First, calculate some preliminary values, to be used later:

· yrRngs (number of year ranges) = 4
· sumX (sum of X values) = 0 + 1 + 2 + 3 = 6
· sumXX (sum of squares [SS] of X values) = 0 + 1 + 4 + 9 = 14
· avgX (average X value) = 6 / 4 = 1.5
· avgXX (average X squared value) = 14 / 4 = 3.5
· df (degrees of freedom) = yrRngs - 2 = 2
· sumY (sum of Y values) = 25.533 + 25.941 + 25.603 + 24.126 = 101.203
· sumYY (SS for Y) = 651.934 + 672.936 + 655.514 + 582.064 = 2562.447
· sumXY (sum of XY values) = 0 + 25.941 + 51.206 + 72.378 = 149.525
· tVal (t Value) = 4.302656 (for 2 df and 95% confidence level)
· varX (variance of X values) = avgXX - (avgX * avgX) = 3.5 - 2.25 = 1.250
· stdDevX (standard deviation of X values) = sqrt (varX) = 1.118

Next, calculate the Y-intercept:

· yInter = ((sumY * sumXX) - (sumX * sumXY)) / ((yrRngs * sumXX) - (sumX * sumX))
· numer = (sumY * sumXX) - (sumX * sumXY)
· numer = (101.203 * 14) - (6 * 149.525) = 519.692
· denom = (yrRngs * sumXX) - (sumX * sumX) = (4 * 14) - (6 * 6) = 20
· yInter = numer / denom = 519.692 / 20 = 25.985

Next, calculate the slope:

· slope = ((yrRngs * sumXY) - (sumX * sumY)) / ((yrRngs * sumXX) - (sumX * sumX))
· numer = (yrRngs * sumXY) - (sumX * sumY)
· numer = (4 * 149.525) - (6 * 101.203) = -9.118
· denom = (yrRngs * sumXX) - (sumX * sumX) = (4 * 14) - (6 * 6) = 20
· slope = numer / denom = -9.118 / 20 = -0.456

Next, calculate the confidence interval (CI) of the slope:

· numer = sumYY - (yInter * sumY) - (slope * sumXY)
· numer = 2562.447 - (25.985 * 101.203) - (-0.456 * 149.525) = 0.870
· varOfEstimateOfYOnX = numer / yrRngs = 0.870 / 4 = 0.218
· stdErrOfEstimateOfYOnX = sqrt (varOfEstimateOfYOnX) = 0.466
· numer = tVal * stdErrOfEstimateOfYOnX = 4.303 * 0.466 = 2.005
· denom = sqrt (df) * stdDevX = 1.414 * 1.118 = 1.581
· halfInterval = numer / denom = 2.005 / 1.581 = 1.268
· slopeLoLimit = slope - halfInterval = -0.454 - 1.268 = -1.722
· slopeHiLimit = slope + halfInterval = -0.454 + 1.268 = +0.814
· CI of the slope = -1.722 to +0.814

Finally, calculate the coefficient of determination (r * r):

· numer = (yrRngs * sumXY) - (sumX * sumY)
· numer = (4 * 149.525) - (6 * 101.203) = -9.118
· xTerm = (yrRngs * sumXX) - (sumX * sumX) = (4 * 14) - (6 * 6) = 20
· yTerm = (yrRngs * sumYY) - (sumY * sumY)
· yTerm = (4 * 2562.447) - (101.203 * 101.203) = 7.741
· denom = xTerm * yTerm = 20 * 7.741 = 154.800
· coefficient_of_determination = (numer * numer) / denom
· coefficient_of_determination = (-9.118 * -9.118) / 154.800 = 0.537

The coefficient of determination (COD) is a measure of goodness of fit. If the data points fall on a straight line, the least squares line will be the same line, and COD = 1. If the data points are randomly distributed, COD = 0.

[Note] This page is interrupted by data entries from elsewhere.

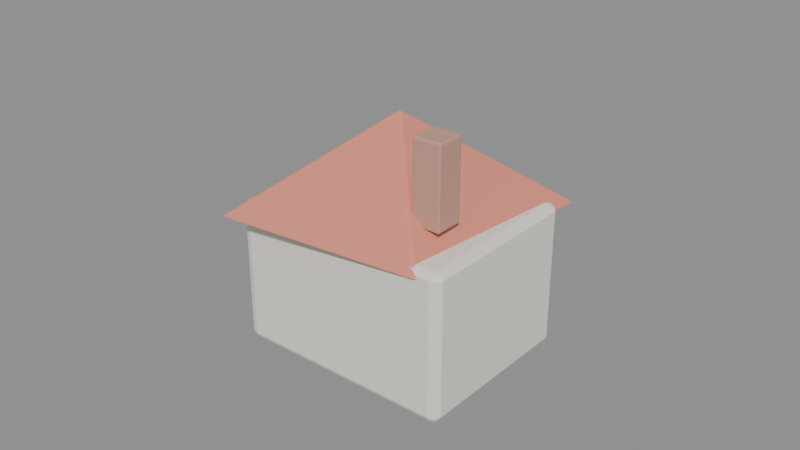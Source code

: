 # Source: doll_house_elder.blend  (saved by Blender 4.2.68; exported with 4.5.12 LTS)
import bpy
from mathutils import Matrix  # noqa: F401  (used for matrix-valued properties, if any)

bpy.ops.wm.read_factory_settings(use_empty=True)
scene = bpy.context.scene
scene.name = 'Scene'

# ---- materials (node trees are filled in below, after node groups)
mat_m_plasterwall = bpy.data.materials.new('M_PlasterWall')
mat_m_elderroof = bpy.data.materials.new('M_ElderRoof')
mat_m_wooddoor = bpy.data.materials.new('M_WoodDoor')
mat_m_brickchimney = bpy.data.materials.new('M_BrickChimney')

# ---- material node trees
mat_m_plasterwall.use_nodes = True; mat_m_plasterwall.node_tree.nodes.clear()
_N = mat_m_plasterwall.node_tree.nodes; _L = mat_m_plasterwall.node_tree.links
n0 = _N.new('ShaderNodeBsdfPrincipled'); n0.name = 'Principled BSDF'; n0.location = (10, 300)
n0.inputs[0].default_value = (0.86, 0.82, 0.74, 1.0)
n0.inputs[2].default_value = 0.8
n1 = _N.new('ShaderNodeOutputMaterial'); n1.name = 'Material Output'; n1.location = (300, 300)
_L.new(n0.outputs[0], n1.inputs[0])
n1.is_active_output = True
mat_m_elderroof.use_nodes = True; mat_m_elderroof.node_tree.nodes.clear()
_N = mat_m_elderroof.node_tree.nodes; _L = mat_m_elderroof.node_tree.links
n0 = _N.new('ShaderNodeBsdfPrincipled'); n0.name = 'Principled BSDF'; n0.location = (10, 300)
n0.inputs[0].default_value = (0.75, 0.26, 0.18, 1.0)
n0.inputs[2].default_value = 0.65
n1 = _N.new('ShaderNodeOutputMaterial'); n1.name = 'Material Output'; n1.location = (300, 300)
_L.new(n0.outputs[0], n1.inputs[0])
n1.is_active_output = True
mat_m_wooddoor.use_nodes = True; mat_m_wooddoor.node_tree.nodes.clear()
_N = mat_m_wooddoor.node_tree.nodes; _L = mat_m_wooddoor.node_tree.links
n0 = _N.new('ShaderNodeBsdfPrincipled'); n0.name = 'Principled BSDF'; n0.location = (10, 300)
n0.inputs[0].default_value = (0.38, 0.22, 0.12, 1.0)
n0.inputs[2].default_value = 0.85
n1 = _N.new('ShaderNodeOutputMaterial'); n1.name = 'Material Output'; n1.location = (300, 300)
_L.new(n0.outputs[0], n1.inputs[0])
n1.is_active_output = True
mat_m_brickchimney.use_nodes = True; mat_m_brickchimney.node_tree.nodes.clear()
_N = mat_m_brickchimney.node_tree.nodes; _L = mat_m_brickchimney.node_tree.links
n0 = _N.new('ShaderNodeBsdfPrincipled'); n0.name = 'Principled BSDF'; n0.location = (10, 300)
n0.inputs[0].default_value = (0.58, 0.32, 0.25, 1.0)
n0.inputs[2].default_value = 0.9
n1 = _N.new('ShaderNodeOutputMaterial'); n1.name = 'Material Output'; n1.location = (300, 300)
_L.new(n0.outputs[0], n1.inputs[0])
n1.is_active_output = True

# ---- meshes
me_cube = bpy.data.meshes.new('Cube')
me_cube.from_pydata([(-0.5, -0.5, -0.5), (-0.5, -0.5, 0.5), (-0.5, 0.5, -0.5), (-0.5, 0.5, 0.5), (0.5, -0.5, -0.5), (0.5, -0.5, 0.5), (0.5, 0.5, -0.5), (0.5, 0.5, 0.5)], [], [(0, 1, 3, 2), (2, 3, 7, 6), (6, 7, 5, 4), (4, 5, 1, 0), (2, 6, 4, 0), (7, 3, 1, 5)])
_uv = me_cube.uv_layers.new(name='UVMap')
_uv.uv.foreach_set('vector', [0.375, 0.0, 0.625, 0.0, 0.625, 0.25, 0.375, 0.25, 0.375, 0.25, 0.625, 0.25, 0.625, 0.5, 0.375, 0.5, 0.375, 0.5, 0.625, 0.5, 0.625, 0.75, 0.375, 0.75, 0.375, 0.75, 0.625, 0.75, 0.625, 1.0, 0.375, 1.0, 0.125, 0.5, 0.375, 0.5, 0.375, 0.75, 0.125, 0.75, 0.625, 0.5, 0.875, 0.5, 0.875, 0.75, 0.625, 0.75])
me_cube.materials.append(mat_m_plasterwall)
me_cube.update()
me_cone = bpy.data.meshes.new('Cone')
me_cone.from_pydata([(0.0, 3.8, -1.2), (3.8, 0.0, -1.2), (0.0, -3.8, -1.2), (-3.8, 0.0, -1.2), (0.0, 0.0, 1.2)], [], [(0, 4, 1), (1, 4, 2), (0, 1, 2, 3), (2, 4, 3), (3, 4, 0)])
_uv = me_cone.uv_layers.new(name='UVMap')
_uv.uv.foreach_set('vector', [0.25, 0.49, 0.25, 0.25, 0.49, 0.25, 0.49, 0.25, 0.25, 0.25, 0.25, 0.01, 0.75, 0.49, 0.99, 0.25, 0.75, 0.01, 0.51, 0.25, 0.25, 0.01, 0.25, 0.25, 0.01, 0.25, 0.01, 0.25, 0.25, 0.25, 0.25, 0.49])
me_cone.materials.append(mat_m_elderroof)
me_cone.update()
me_cube_001 = bpy.data.meshes.new('Cube.001')
me_cube_001.from_pydata([(-0.5, -0.5, -0.5), (-0.5, -0.5, 0.5), (-0.5, 0.5, -0.5), (-0.5, 0.5, 0.5), (0.5, -0.5, -0.5), (0.5, -0.5, 0.5), (0.5, 0.5, -0.5), (0.5, 0.5, 0.5)], [], [(0, 1, 3, 2), (2, 3, 7, 6), (6, 7, 5, 4), (4, 5, 1, 0), (2, 6, 4, 0), (7, 3, 1, 5)])
_uv = me_cube_001.uv_layers.new(name='UVMap')
_uv.uv.foreach_set('vector', [0.375, 0.0, 0.625, 0.0, 0.625, 0.25, 0.375, 0.25, 0.375, 0.25, 0.625, 0.25, 0.625, 0.5, 0.375, 0.5, 0.375, 0.5, 0.625, 0.5, 0.625, 0.75, 0.375, 0.75, 0.375, 0.75, 0.625, 0.75, 0.625, 1.0, 0.375, 1.0, 0.125, 0.5, 0.375, 0.5, 0.375, 0.75, 0.125, 0.75, 0.625, 0.5, 0.875, 0.5, 0.875, 0.75, 0.625, 0.75])
me_cube_001.materials.append(mat_m_wooddoor)
me_cube_001.update()
me_cube_002 = bpy.data.meshes.new('Cube.002')
me_cube_002.from_pydata([(-0.5, -0.5, -0.5), (-0.5, -0.5, 0.5), (-0.5, 0.5, -0.5), (-0.5, 0.5, 0.5), (0.5, -0.5, -0.5), (0.5, -0.5, 0.5), (0.5, 0.5, -0.5), (0.5, 0.5, 0.5)], [], [(0, 1, 3, 2), (2, 3, 7, 6), (6, 7, 5, 4), (4, 5, 1, 0), (2, 6, 4, 0), (7, 3, 1, 5)])
_uv = me_cube_002.uv_layers.new(name='UVMap')
_uv.uv.foreach_set('vector', [0.375, 0.0, 0.625, 0.0, 0.625, 0.25, 0.375, 0.25, 0.375, 0.25, 0.625, 0.25, 0.625, 0.5, 0.375, 0.5, 0.375, 0.5, 0.625, 0.5, 0.625, 0.75, 0.375, 0.75, 0.375, 0.75, 0.625, 0.75, 0.625, 1.0, 0.375, 1.0, 0.125, 0.5, 0.375, 0.5, 0.375, 0.75, 0.125, 0.75, 0.625, 0.5, 0.875, 0.5, 0.875, 0.75, 0.625, 0.75])
me_cube_002.materials.append(mat_m_wooddoor)
me_cube_002.update()
me_cube_003 = bpy.data.meshes.new('Cube.003')
me_cube_003.from_pydata([(-0.5, -0.5, -0.5), (-0.5, -0.5, 0.5), (-0.5, 0.5, -0.5), (-0.5, 0.5, 0.5), (0.5, -0.5, -0.5), (0.5, -0.5, 0.5), (0.5, 0.5, -0.5), (0.5, 0.5, 0.5)], [], [(0, 1, 3, 2), (2, 3, 7, 6), (6, 7, 5, 4), (4, 5, 1, 0), (2, 6, 4, 0), (7, 3, 1, 5)])
_uv = me_cube_003.uv_layers.new(name='UVMap')
_uv.uv.foreach_set('vector', [0.375, 0.0, 0.625, 0.0, 0.625, 0.25, 0.375, 0.25, 0.375, 0.25, 0.625, 0.25, 0.625, 0.5, 0.375, 0.5, 0.375, 0.5, 0.625, 0.5, 0.625, 0.75, 0.375, 0.75, 0.375, 0.75, 0.625, 0.75, 0.625, 1.0, 0.375, 1.0, 0.125, 0.5, 0.375, 0.5, 0.375, 0.75, 0.125, 0.75, 0.625, 0.5, 0.875, 0.5, 0.875, 0.75, 0.625, 0.75])
me_cube_003.materials.append(mat_m_wooddoor)
me_cube_003.update()
me_cube_004 = bpy.data.meshes.new('Cube.004')
me_cube_004.from_pydata([(-0.5, -0.5, -0.5), (-0.5, -0.5, 0.5), (-0.5, 0.5, -0.5), (-0.5, 0.5, 0.5), (0.5, -0.5, -0.5), (0.5, -0.5, 0.5), (0.5, 0.5, -0.5), (0.5, 0.5, 0.5)], [], [(0, 1, 3, 2), (2, 3, 7, 6), (6, 7, 5, 4), (4, 5, 1, 0), (2, 6, 4, 0), (7, 3, 1, 5)])
_uv = me_cube_004.uv_layers.new(name='UVMap')
_uv.uv.foreach_set('vector', [0.375, 0.0, 0.625, 0.0, 0.625, 0.25, 0.375, 0.25, 0.375, 0.25, 0.625, 0.25, 0.625, 0.5, 0.375, 0.5, 0.375, 0.5, 0.625, 0.5, 0.625, 0.75, 0.375, 0.75, 0.375, 0.75, 0.625, 0.75, 0.625, 1.0, 0.375, 1.0, 0.125, 0.5, 0.375, 0.5, 0.375, 0.75, 0.125, 0.75, 0.625, 0.5, 0.875, 0.5, 0.875, 0.75, 0.625, 0.75])
me_cube_004.materials.append(mat_m_brickchimney)
me_cube_004.update()

# ---- objects
ob_elder_body = bpy.data.objects.new('Elder_Body', me_cube)
ob_elder_roof = bpy.data.objects.new('Elder_Roof', me_cone)
ob_elder_door = bpy.data.objects.new('Elder_Door', me_cube_001)
ob_elder_win__1_6 = bpy.data.objects.new('Elder_Win_-1.6', me_cube_002)
ob_elder_win_1_6 = bpy.data.objects.new('Elder_Win_1.6', me_cube_003)
ob_elder_chimney = bpy.data.objects.new('Elder_Chimney', me_cube_004)

# ---- transforms, parenting, visibility, modifiers, constraints
ob_elder_body.location = (0.0, 0.0, 1.8)
ob_elder_body.scale = (5.6, 4.4, 3.6)
_m = ob_elder_body.modifiers.new('Bevel', 'BEVEL')
_m.width = 0.04
_m.width_pct = 0.04
_m.segments = 2
ob_elder_roof.location = (0.0, 0.0, 4.6)
ob_elder_roof.rotation_euler = (0.0, 0.0, 0.7854)
ob_elder_roof.scale = (1.05, 0.85, 1.0)
_m = ob_elder_roof.modifiers.new('Bevel', 'BEVEL')
_m.width = 0.04
_m.width_pct = 0.04
_m.segments = 2
ob_elder_door.location = (0.0, 2.22, 1.1)
ob_elder_door.scale = (1.2, 0.1, 2.1)
_m = ob_elder_door.modifiers.new('Bevel', 'BEVEL')
_m.width = 0.04
_m.width_pct = 0.04
_m.segments = 2
ob_elder_win__1_6.location = (-1.6, 2.22, 2.0)
ob_elder_win__1_6.scale = (0.9, 0.08, 0.9)
ob_elder_win_1_6.location = (1.6, 2.22, 2.0)
ob_elder_win_1_6.scale = (0.9, 0.08, 0.9)
ob_elder_chimney.location = (1.8, -1.0, 5.0)
ob_elder_chimney.scale = (0.7, 0.7, 2.0)
_m = ob_elder_chimney.modifiers.new('Bevel', 'BEVEL')
_m.width = 0.04
_m.width_pct = 0.04
_m.segments = 2

# ---- collection membership
scene.collection.objects.link(ob_elder_body)
scene.collection.objects.link(ob_elder_roof)
scene.collection.objects.link(ob_elder_door)
scene.collection.objects.link(ob_elder_win__1_6)
scene.collection.objects.link(ob_elder_win_1_6)
scene.collection.objects.link(ob_elder_chimney)

# ---- scene / render settings (as saved in the file)
scene.frame_start = 1; scene.frame_end = 250; scene.frame_set(1)
scene.render.engine = 'BLENDER_EEVEE_NEXT'
bpy.context.view_layer.update()

# ---- added for rendering (the .blend has no active camera and no usable light): camera, sun + grey world if the file has none
cam_auto = bpy.data.cameras.new('AutoCamera')
cam_auto.lens = 50.0
cam_auto.sensor_width = 36.0
cam_auto.clip_end = 1000.0
ob_auto_camera = bpy.data.objects.new('AutoCamera', cam_auto)
scene.collection.objects.link(ob_auto_camera)
ob_auto_camera.location = (14.3098, -17.1717, 14.4478)
ob_auto_camera.rotation_euler = (1.09748, -7.21219e-08, 0.694738)
scene.camera = ob_auto_camera
light_auto_sun = bpy.data.lights.new('AutoSun', 'SUN')
light_auto_sun.energy = 3.0
light_auto_sun.angle = 0.0523599
ob_auto_sun = bpy.data.objects.new('AutoSun', light_auto_sun)
scene.collection.objects.link(ob_auto_sun)
ob_auto_sun.rotation_euler = (0.872665, 0.174533, 0.523599)
if scene.world is None:
    world_auto = bpy.data.worlds.new('AutoWorld')
    world_auto.color = (0.3, 0.3, 0.3)
    scene.world = world_auto
bpy.context.view_layer.update()
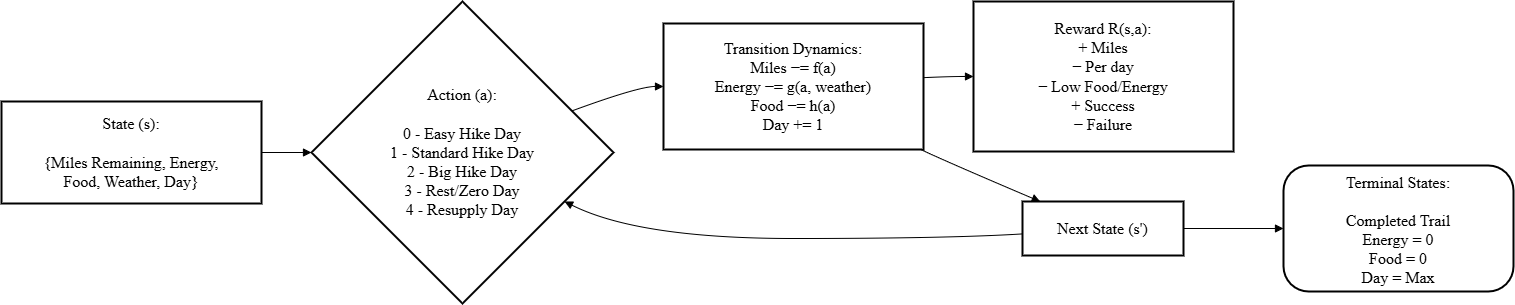

The diagram above was exported from draw.io. Its source (the exported page's mxGraphModel, read from the mxfile embedded in the PNG):
<mxGraphModel dx="2246" dy="1191" grid="1" gridSize="10" guides="1" tooltips="1" connect="1" arrows="1" fold="1" page="1" pageScale="1" pageWidth="850" pageHeight="1100" math="0" shadow="0">
  <root>
    <mxCell id="0" />
    <mxCell id="1" parent="0" />
    <mxCell id="aWlyGljxxXsRu0sqSJTA-19" parent="1" style="whiteSpace=wrap;strokeWidth=2;fontFamily=Times New Roman;fontSize=16;fontStyle=0" value="State (s):&#10;&#10;{Miles Remaining, Energy, Food, Weather, Day}" vertex="1">
      <mxGeometry height="102" width="260" x="20" y="120" as="geometry" />
    </mxCell>
    <mxCell id="aWlyGljxxXsRu0sqSJTA-20" parent="1" style="rhombus;strokeWidth=2;whiteSpace=wrap;fontFamily=Times New Roman;fontSize=16;" value="Action (a):&#10;&#10;0 - Easy Hike Day&#10;1 - Standard Hike Day&#10;2 - Big Hike Day&#10;3 - Rest/Zero Day&#10;4 - Resupply Day" vertex="1">
      <mxGeometry height="302" width="302" x="330" y="20" as="geometry" />
    </mxCell>
    <mxCell id="aWlyGljxxXsRu0sqSJTA-21" parent="1" style="whiteSpace=wrap;strokeWidth=2;fontFamily=Times New Roman;fontSize=16;" value="Transition Dynamics:&#10;Miles −= f(a)&#10;Energy −= g(a, weather)&#10;Food −= h(a)&#10;Day += 1" vertex="1">
      <mxGeometry height="126" width="260" x="682" y="42" as="geometry" />
    </mxCell>
    <mxCell id="aWlyGljxxXsRu0sqSJTA-22" parent="1" style="whiteSpace=wrap;strokeWidth=2;fontFamily=Times New Roman;fontSize=16;verticalAlign=middle;spacingBottom=1;spacingTop=0;" value="Reward R(s,a):&#10;+ Miles&#10;− Per day&#10;− Low Food/Energy&#10;+ Success&#10;− Failure" vertex="1">
      <mxGeometry height="150" width="260" x="992" y="20" as="geometry" />
    </mxCell>
    <mxCell id="aWlyGljxxXsRu0sqSJTA-23" parent="1" style="whiteSpace=wrap;strokeWidth=2;fontFamily=Times New Roman;fontSize=16;" value="Next State (s')" vertex="1">
      <mxGeometry height="54" width="161" x="1041" y="220" as="geometry" />
    </mxCell>
    <mxCell id="aWlyGljxxXsRu0sqSJTA-24" parent="1" style="rounded=1;arcSize=20;strokeWidth=2;fontSize=16;fontFamily=Times New Roman;" value="Terminal States:&#10;&#10;Completed Trail&#10;Energy = 0&#10;Food = 0&#10;Day = Max" vertex="1">
      <mxGeometry height="126" width="230" x="1302" y="184" as="geometry" />
    </mxCell>
    <mxCell id="aWlyGljxxXsRu0sqSJTA-25" edge="1" parent="1" source="aWlyGljxxXsRu0sqSJTA-19" style="curved=1;startArrow=none;endArrow=block;exitX=1;exitY=0.5;entryX=0;entryY=0.5;rounded=0;" target="aWlyGljxxXsRu0sqSJTA-20" value="">
      <mxGeometry relative="1" as="geometry">
        <Array as="points" />
      </mxGeometry>
    </mxCell>
    <mxCell id="aWlyGljxxXsRu0sqSJTA-26" edge="1" parent="1" source="aWlyGljxxXsRu0sqSJTA-20" style="curved=1;startArrow=none;endArrow=block;exitX=1;exitY=0.31;entryX=0;entryY=0.5;rounded=0;" target="aWlyGljxxXsRu0sqSJTA-21" value="">
      <mxGeometry relative="1" as="geometry">
        <Array as="points">
          <mxPoint x="657" y="105" />
        </Array>
      </mxGeometry>
    </mxCell>
    <mxCell id="aWlyGljxxXsRu0sqSJTA-27" edge="1" parent="1" source="aWlyGljxxXsRu0sqSJTA-21" style="curved=1;startArrow=none;endArrow=block;exitX=1;exitY=0.43;entryX=0;entryY=0.5;rounded=0;" target="aWlyGljxxXsRu0sqSJTA-22" value="">
      <mxGeometry relative="1" as="geometry">
        <Array as="points">
          <mxPoint x="967" y="95" />
        </Array>
      </mxGeometry>
    </mxCell>
    <mxCell id="aWlyGljxxXsRu0sqSJTA-28" edge="1" parent="1" source="aWlyGljxxXsRu0sqSJTA-21" style="curved=1;startArrow=none;endArrow=block;exitX=0.99;exitY=1;entryX=0.11;entryY=0;rounded=0;" target="aWlyGljxxXsRu0sqSJTA-23" value="">
      <mxGeometry relative="1" as="geometry">
        <Array as="points">
          <mxPoint x="967" y="181" />
        </Array>
      </mxGeometry>
    </mxCell>
    <mxCell id="aWlyGljxxXsRu0sqSJTA-29" edge="1" parent="1" source="aWlyGljxxXsRu0sqSJTA-23" style="curved=1;startArrow=none;endArrow=block;exitX=0;exitY=0.6;entryX=1;entryY=0.74;rounded=0;" target="aWlyGljxxXsRu0sqSJTA-20" value="">
      <mxGeometry relative="1" as="geometry">
        <Array as="points">
          <mxPoint x="967" y="257" />
          <mxPoint x="657" y="257" />
        </Array>
      </mxGeometry>
    </mxCell>
    <mxCell id="aWlyGljxxXsRu0sqSJTA-30" edge="1" parent="1" source="aWlyGljxxXsRu0sqSJTA-23" style="curved=1;startArrow=none;endArrow=block;exitX=1;exitY=0.5;entryX=0;entryY=0.5;rounded=0;" target="aWlyGljxxXsRu0sqSJTA-24" value="">
      <mxGeometry relative="1" as="geometry">
        <Array as="points" />
      </mxGeometry>
    </mxCell>
  </root>
</mxGraphModel>
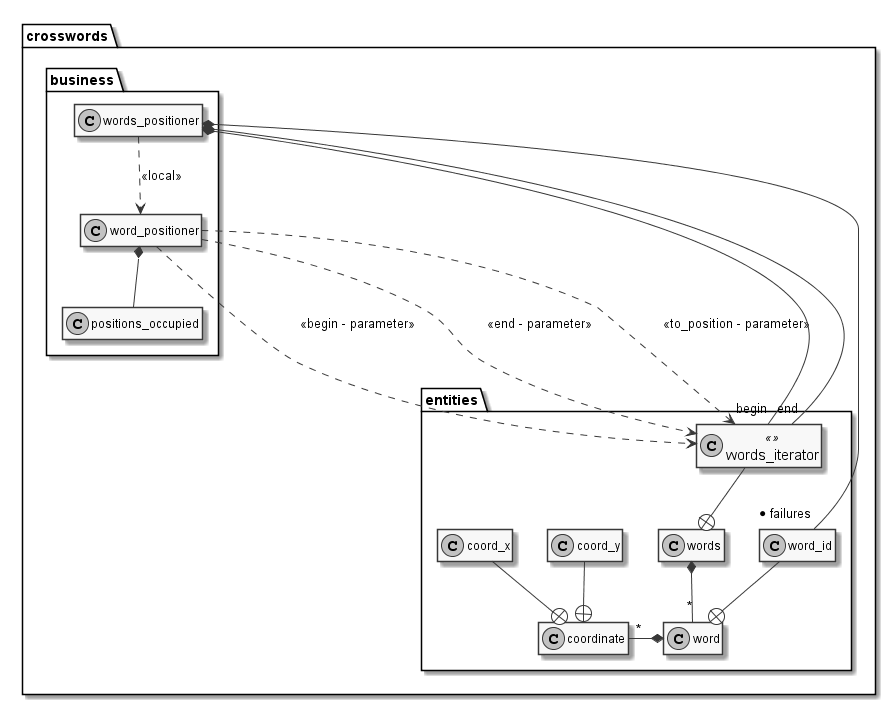

The diagram above was rendered by PlantUML. Its source (embedded in the PNG):
@startuml
hide methods
hide attributes
skinparam monochrome true
skinparam class {
	fontSize<< >> 15
}

namespace crosswords {
	namespace entities {
		coordinate +-u- coord_x
		coordinate +-u- coord_y
		class word {
			dir : direction
		 	ori : orientation
		 	entry: lexeme
			answer :   lexeme
			des :  description
		}
		word +-u- word_id
		word *-l- "*" coordinate
		words *-- "*" word
		class words_iterator << >>
		words +-u- words_iterator
	}

	namespace business {
		class words_positioner {
			+ add(word)
   			+ operator()(crosswords.entities.coord_x, crosswords.entities.coord_y) : crosswords.entities.words
		}
		class positions_occupied {
			m_map : map<crosswords.entities.coordinate, char> 
		}
		word_positioner *-d- positions_occupied

		word_positioner ..r..> crosswords.entities.words_iterator : <<begin - parameter>>
		word_positioner ..r..> crosswords.entities.words_iterator : <<end - parameter>>
		word_positioner ..r..> crosswords.entities.words_iterator : <<to_position - parameter>>

		words_positioner *-d--- "begin" crosswords.entities.words_iterator
		words_positioner *-d--- "end" crosswords.entities.words_iterator
		words_positioner *-- "* failures" crosswords.entities.word_id 
		words_positioner .d.> word_positioner : <<local>>

	}
	
}

@enduml

Vitalnet results for the above example. Some of the numbers may slightly differ, due to lower precision in the hand calculations.

In summary, the least squares finds the line considered to best fit the data, and determines if there is a significant upward or downward trend. However, as discussed elsewhere on this web site, the slope CI is incorrect when the data points are based on few observations. Thus, a better method for determining the slope CI is sought.